» YOUR TASK: Nothing but the lines from the one containing "208.5396812427), (30.0849127182, 209.033421831))" through the one containing "118.2254810215), (30.05, 118.7198382075))", both included, should be given again, each exactly as written below.

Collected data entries

--------------------------------------------------

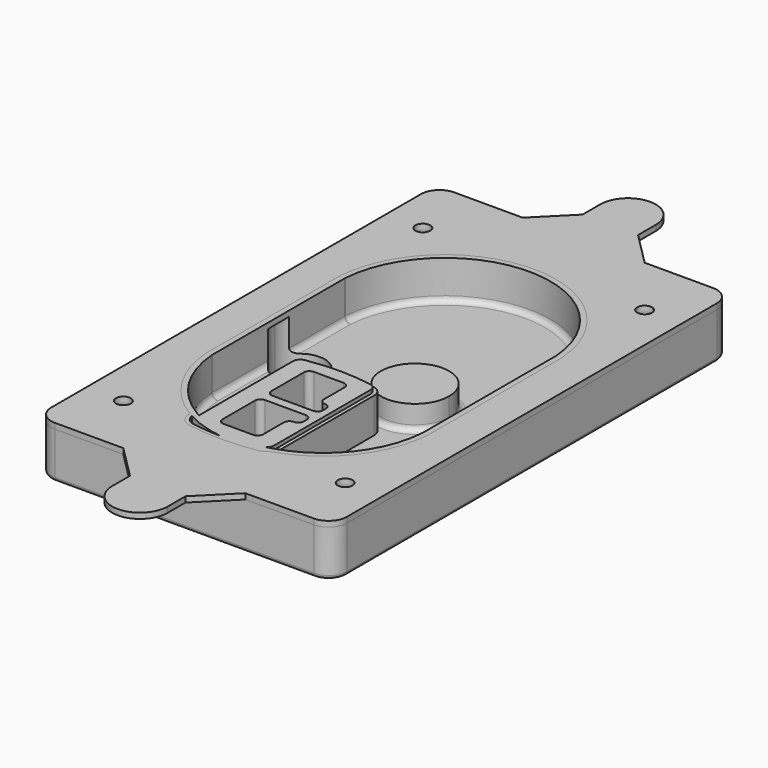
from build123d import *

# Parameters (mm, degrees)
F0_R      = 4
F1_DEPTH  = 25
F2_DEPTH  = 3
F3_DEPTH  = 18
F6_DEPTH  = 2
F8_DEPTH  = 20
F9_DEPTH  = 16
F10_DEPTH = 25
F7_R      = 6
F7_R_2    = 4
F11_DEPTH = 6
F13_DEPTH = 9
F14_R     = 3
F15_R     = 2
F16_R     = 4
F16_R_2   = 6
F17_DEPTH = 3


with BuildPart() as f1:
    # F0 (on Top) → F1 (new body)
    with BuildSketch(Plane.XY):
        with BuildLine():
            ThreePointArc((14.05, 38.3825811321), (16.9789321881, 31.3115133202), (24.05, 28.3825811321))
            Line((24.05, 28.3825811321), (164.05, 28.3825811321))
            ThreePointArc((164.05, 28.3825811321), (171.1210678119, 31.3115133202), (174.05, 38.3825811321))
            Line((174.05, 38.3825811321), (174.05, 288.3825811321))
            ThreePointArc((174.05, 288.3825811321), (171.1210678119, 295.4536489439), (164.05, 298.3825811321))
            Line((164.05, 298.3825811321), (24.05, 298.3825811321))
            ThreePointArc((24.05, 298.3825811321), (16.9789321881, 295.4536489439), (14.05, 288.3825811321))
            Line((14.05, 288.3825811321), (14.05, 38.3825811321))
        make_face()
        with Locations((34.05, 62.1325811321)):
            Circle(F0_R, mode=Mode.SUBTRACT)
        with Locations((154.05, 62.1325811321)):
            Circle(F0_R, mode=Mode.SUBTRACT)
        with Locations((34.05, 264.6325811321)):
            Circle(F0_R, mode=Mode.SUBTRACT)
        with BuildLine():
            ThreePointArc((30.05, 208.0453240566), (30.058730902, 208.5396812427), (30.0849127182, 209.033421831))
            ThreePointArc((30.0849127182, 209.033421831), (94.05, 268.6325811321), (158.0150872818, 209.033421831))
            ThreePointArc((158.0150872818, 209.033421831), (158.041269098, 208.5396812427), (158.05, 208.0453240566))
            Line((158.05, 208.0453240566), (158.05, 118.7198382075))
            ThreePointArc((158.05, 118.7198382075), (158.041269098, 118.2254810215), (158.0150872818, 117.7317404331))
            ThreePointArc((158.0150872818, 117.7317404331), (94.05, 58.1325811321), (30.0849127182, 117.7317404331))
            ThreePointArc((30.0849127182, 117.7317404331), (30.058730902, 118.2254810215), (30.05, 118.7198382075))
            Line((30.05, 118.7198382075), (30.05, 208.0453240566))
        make_face(mode=Mode.SUBTRACT)
        with Locations((154.05, 264.6325811321)):
            Circle(F0_R, mode=Mode.SUBTRACT)
        with BuildLine():
            ThreePointArc((158.0150872818, 209.033421831), (94.05, 268.6325811321), (30.0849127182, 209.033421831))
            ThreePointArc((30.0849127182, 209.033421831), (30.058730902, 208.5396812427), (30.05, 208.0453240566))
            Line((30.05, 208.0453240566), (30.05, 118.7198382075))
            ThreePointArc((30.05, 118.7198382075), (30.058730902, 118.2254810215), (30.0849127182, 117.7317404331))
            ThreePointArc((30.0849127182, 117.7317404331), (94.05, 58.1325811321), (158.0150872818, 117.7317404331))
            ThreePointArc((158.0150872818, 117.7317404331), (158.041269098, 118.2254810215), (158.05, 118.7198382075))
            Line((158.05, 118.7198382075), (158.05, 208.0453240566))
            ThreePointArc((158.05, 208.0453240566), (158.041269098, 208.5396812427), (158.0150872818, 209.033421831))
        make_face()
        with BuildLine():
            Line((34.05, 118.7198382075), (34.05, 208.0453240566))
            ThreePointArc((34.05, 208.0453240566), (34.0562363586, 208.3984363324), (34.0749376559, 208.7511081812))
            ThreePointArc((34.0749376559, 208.7511081812), (94.05, 264.6325811321), (154.0250623441, 208.7511081812))
            ThreePointArc((154.0250623441, 208.7511081812), (154.0437636414, 208.3984363324), (154.05, 208.0453240566))
            Line((154.05, 208.0453240566), (154.05, 118.7198382075))
            ThreePointArc((154.05, 118.7198382075), (154.0437636414, 118.3667259318), (154.0250623441, 118.0140540829))
            ThreePointArc((154.0250623441, 118.0140540829), (94.05, 62.1325811321), (34.0749376559, 118.0140540829))
            ThreePointArc((34.0749376559, 118.0140540829), (34.0562363586, 118.3667259318), (34.05, 118.7198382075))
        make_face(mode=Mode.SUBTRACT)
        with BuildLine():
            ThreePointArc((34.0749376559, 208.7511081812), (34.0562363586, 208.3984363324), (34.05, 208.0453240566))
            Line((34.05, 208.0453240566), (34.05, 118.7198382075))
            ThreePointArc((34.05, 118.7198382075), (34.0562363586, 118.3667259318), (34.0749376559, 118.0140540829))
            ThreePointArc((34.0749376559, 118.0140540829), (94.05, 62.1325811321), (154.0250623441, 118.0140540829))
            ThreePointArc((154.0250623441, 118.0140540829), (154.0437636414, 118.3667259318), (154.05, 118.7198382075))
            Line((154.05, 118.7198382075), (154.05, 208.0453240566))
            ThreePointArc((154.05, 208.0453240566), (154.0437636414, 208.3984363324), (154.0250623441, 208.7511081812))
            ThreePointArc((154.0250623441, 208.7511081812), (94.05, 264.6325811321), (34.0749376559, 208.7511081812))
        make_face()
        with BuildLine():
            ThreePointArc((151.0325436409, 208.5393729438), (151.045634549, 208.2925026496), (151.05, 208.0453240566))
            Line((151.05, 208.0453240566), (151.05, 118.7198382075))
            ThreePointArc((151.05, 118.7198382075), (151.045634549, 118.4726596145), (151.0325436409, 118.2257893203))
            ThreePointArc((151.0325436409, 118.2257893203), (94.05, 65.1325811321), (37.0674563591, 118.2257893203))
            ThreePointArc((37.0674563591, 118.2257893203), (37.054365451, 118.4726596145), (37.05, 118.7198382075))
            Line((37.05, 118.7198382075), (37.05, 208.0453240566))
            ThreePointArc((37.05, 208.0453240566), (37.054365451, 208.2925026496), (37.0674563591, 208.5393729438))
            ThreePointArc((37.0674563591, 208.5393729438), (94.05, 261.6325811321), (151.0325436409, 208.5393729438))
        make_face(mode=Mode.SUBTRACT)
        with BuildLine():
            Line((151.05, 118.7198382075), (151.05, 208.0453240566))
            ThreePointArc((151.05, 208.0453240566), (151.045634549, 208.2925026496), (151.0325436409, 208.5393729438))
            ThreePointArc((151.0325436409, 208.5393729438), (94.05, 261.6325811321), (37.0674563591, 208.5393729438))
            ThreePointArc((37.0674563591, 208.5393729438), (37.054365451, 208.2925026496), (37.05, 208.0453240566))
            Line((37.05, 208.0453240566), (37.05, 118.7198382075))
            ThreePointArc((37.05, 118.7198382075), (37.054365451, 118.4726596145), (37.0674563591, 118.2257893203))
            ThreePointArc((37.0674563591, 118.2257893203), (94.05, 65.1325811321), (151.0325436409, 118.2257893203))
            ThreePointArc((151.0325436409, 118.2257893203), (151.045634549, 118.4726596145), (151.05, 118.7198382075))
        make_face()
    extrude(amount=-F1_DEPTH)

    # F0 (on Top) → F2 (join)
    with BuildSketch(Plane.XY):
        with BuildLine():
            ThreePointArc((34.0749376559, 208.7511081812), (34.0562363586, 208.3984363324), (34.05, 208.0453240566))
            Line((34.05, 208.0453240566), (34.05, 118.7198382075))
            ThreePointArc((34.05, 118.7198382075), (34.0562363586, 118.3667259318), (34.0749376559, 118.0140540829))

--------------------------------------------------

» COMPLETED EXERCISE:
            ThreePointArc((30.05, 208.0453240566), (30.058730902, 208.5396812427), (30.0849127182, 209.033421831))
            ThreePointArc((30.0849127182, 209.033421831), (94.05, 268.6325811321), (158.0150872818, 209.033421831))
            ThreePointArc((158.0150872818, 209.033421831), (158.041269098, 208.5396812427), (158.05, 208.0453240566))
            Line((158.05, 208.0453240566), (158.05, 118.7198382075))
            ThreePointArc((158.05, 118.7198382075), (158.041269098, 118.2254810215), (158.0150872818, 117.7317404331))
            ThreePointArc((158.0150872818, 117.7317404331), (94.05, 58.1325811321), (30.0849127182, 117.7317404331))
            ThreePointArc((30.0849127182, 117.7317404331), (30.058730902, 118.2254810215), (30.05, 118.7198382075))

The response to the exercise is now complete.